WHAT TO PRODUCE — Below are records with pictures; copy word for word only the lines between the line with "settings ConfigComp: CovMetricSettings=dw" and the line with "damping : Gain", inclusive, and drop the pictures.

STUDY MATERIAL below:

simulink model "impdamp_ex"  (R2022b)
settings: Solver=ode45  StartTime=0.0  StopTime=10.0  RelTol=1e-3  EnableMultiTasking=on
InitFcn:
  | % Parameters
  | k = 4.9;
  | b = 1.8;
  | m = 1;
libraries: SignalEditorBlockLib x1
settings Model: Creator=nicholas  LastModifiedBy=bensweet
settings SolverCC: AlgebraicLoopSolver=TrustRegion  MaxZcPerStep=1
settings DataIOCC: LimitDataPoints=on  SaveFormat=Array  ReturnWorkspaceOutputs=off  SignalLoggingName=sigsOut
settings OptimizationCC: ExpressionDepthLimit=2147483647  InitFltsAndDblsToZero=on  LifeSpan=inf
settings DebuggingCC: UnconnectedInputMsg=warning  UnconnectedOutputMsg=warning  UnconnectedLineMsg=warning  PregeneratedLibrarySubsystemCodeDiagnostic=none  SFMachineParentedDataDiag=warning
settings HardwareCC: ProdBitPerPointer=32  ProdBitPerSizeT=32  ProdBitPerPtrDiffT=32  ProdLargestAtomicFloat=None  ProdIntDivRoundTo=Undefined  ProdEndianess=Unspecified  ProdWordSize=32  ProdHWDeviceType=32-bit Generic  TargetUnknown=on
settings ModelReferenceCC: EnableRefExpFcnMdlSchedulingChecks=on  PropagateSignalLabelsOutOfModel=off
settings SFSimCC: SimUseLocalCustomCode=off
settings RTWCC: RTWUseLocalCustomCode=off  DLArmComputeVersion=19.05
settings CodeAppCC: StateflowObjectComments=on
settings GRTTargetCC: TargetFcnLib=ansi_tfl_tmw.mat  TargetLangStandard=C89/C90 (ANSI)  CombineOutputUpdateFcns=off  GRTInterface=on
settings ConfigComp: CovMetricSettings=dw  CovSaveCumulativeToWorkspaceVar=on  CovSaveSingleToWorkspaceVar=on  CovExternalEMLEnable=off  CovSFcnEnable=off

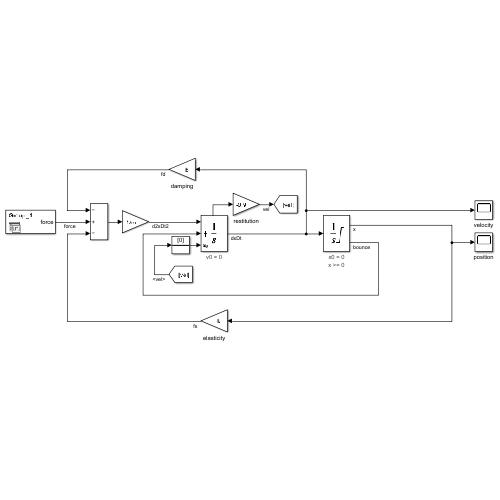
[thumbnail: Simulink's stored preview of the top-level diagram]
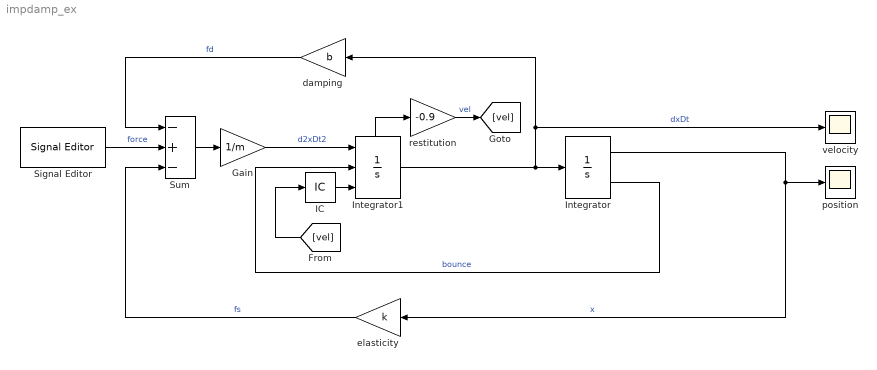
== system impdamp_ex ==
  Gain : Gain  Gain=1/m  SaturateOnIntegerOverflow=on  OutDataTypeStr=Inherit: Same as input  ParamDataTypeStr=Inherit: Same as input
  IC : InitialCondition  Value=0
  Integrator : Integrator  LimitOutput=on  LowerSaturationLimit=0  ShowSaturationPort=on
      settings: AttributesFormatString=x0 = %<InitialCondition>\nx >= %<LowerSaturationLimit>\n
  Integrator1 : Integrator  ExternalReset=falling  InitialConditionSource=external  ShowStatePort=on
      settings: AttributesFormatString=v0 = %<InitialCondition>\n
  Signal Editor : SignalEditorBlockLib/Signal Editor  FileName=impact_damper_force_dataset.mat  ActiveScenario=Group_1  ActiveSignal=force  IsBus=off  OutputBusObjectStr=Bus: BusObject  SampleTime=0  ZeroCross=off  OutputAfterFinalValue=Extrapolation  Unit=inherit  PreserveSignalName=on
  Sum : Sum  Inputs=-+-  SaturateOnIntegerOverflow=on
  damping : Gain  Gain=b  SaturateOnIntegerOverflow=on  OutDataTypeStr=Inherit: Same as input  ParamDataTypeStr=Inherit: Same as input
  elasticity : Gain  Gain=k  SaturateOnIntegerOverflow=on  OutDataTypeStr=Inherit: Same as input  ParamDataTypeStr=Inherit: Same as input
  position : Scope
  restitution : Gain  Gain=-0.9  SaturateOnIntegerOverflow=on  OutDataTypeStr=Inherit: Same as input  ParamDataTypeStr=Inherit: Same as input
  velocity : Scope
  wires:
  Integrator1/1 -> Integrator/1, velocity/1, damping/1  "dxDt"
  Integrator/1 -> elasticity/1, position/1  "x"
  elasticity/1 -> Sum/3  "fs"
  Sum/1 -> Gain/1
  Gain/1 -> Integrator1/1  "d2xDt2"
  Integrator1/State -> restitution/1
  IC/1 -> Integrator1/3
  Integrator/2 -> Integrator1/2  "bounce"
  Signal Editor/1 -> Sum/2  "force"
  damping/1 -> Sum/1  "fd"
  restitution/1 -> [vel]  "vel"
  [vel] -> IC/1

End of STUDY MATERIAL.

WRITTEN ANSWER —
settings ConfigComp: CovMetricSettings=dw  CovSaveCumulativeToWorkspaceVar=on  CovSaveSingleToWorkspaceVar=on  CovExternalEMLEnable=off  CovSFcnEnable=off

[thumbnail: Simulink's stored preview of the top-level diagram]
== system impdamp_ex ==
  Gain : Gain  Gain=1/m  SaturateOnIntegerOverflow=on  OutDataTypeStr=Inherit: Same as input  ParamDataTypeStr=Inherit: Same as input
  IC : InitialCondition  Value=0
  Integrator : Integrator  LimitOutput=on  LowerSaturationLimit=0  ShowSaturationPort=on
      settings: AttributesFormatString=x0 = %<InitialCondition>\nx >= %<LowerSaturationLimit>\n
  Integrator1 : Integrator  ExternalReset=falling  InitialConditionSource=external  ShowStatePort=on
      settings: AttributesFormatString=v0 = %<InitialCondition>\n
  Signal Editor : SignalEditorBlockLib/Signal Editor  FileName=impact_damper_force_dataset.mat  ActiveScenario=Group_1  ActiveSignal=force  IsBus=off  OutputBusObjectStr=Bus: BusObject  SampleTime=0  ZeroCross=off  OutputAfterFinalValue=Extrapolation  Unit=inherit  PreserveSignalName=on
  Sum : Sum  Inputs=-+-  SaturateOnIntegerOverflow=on
  damping : Gain  Gain=b  SaturateOnIntegerOverflow=on  OutDataTypeStr=Inherit: Same as input  ParamDataTypeStr=Inherit: Same as input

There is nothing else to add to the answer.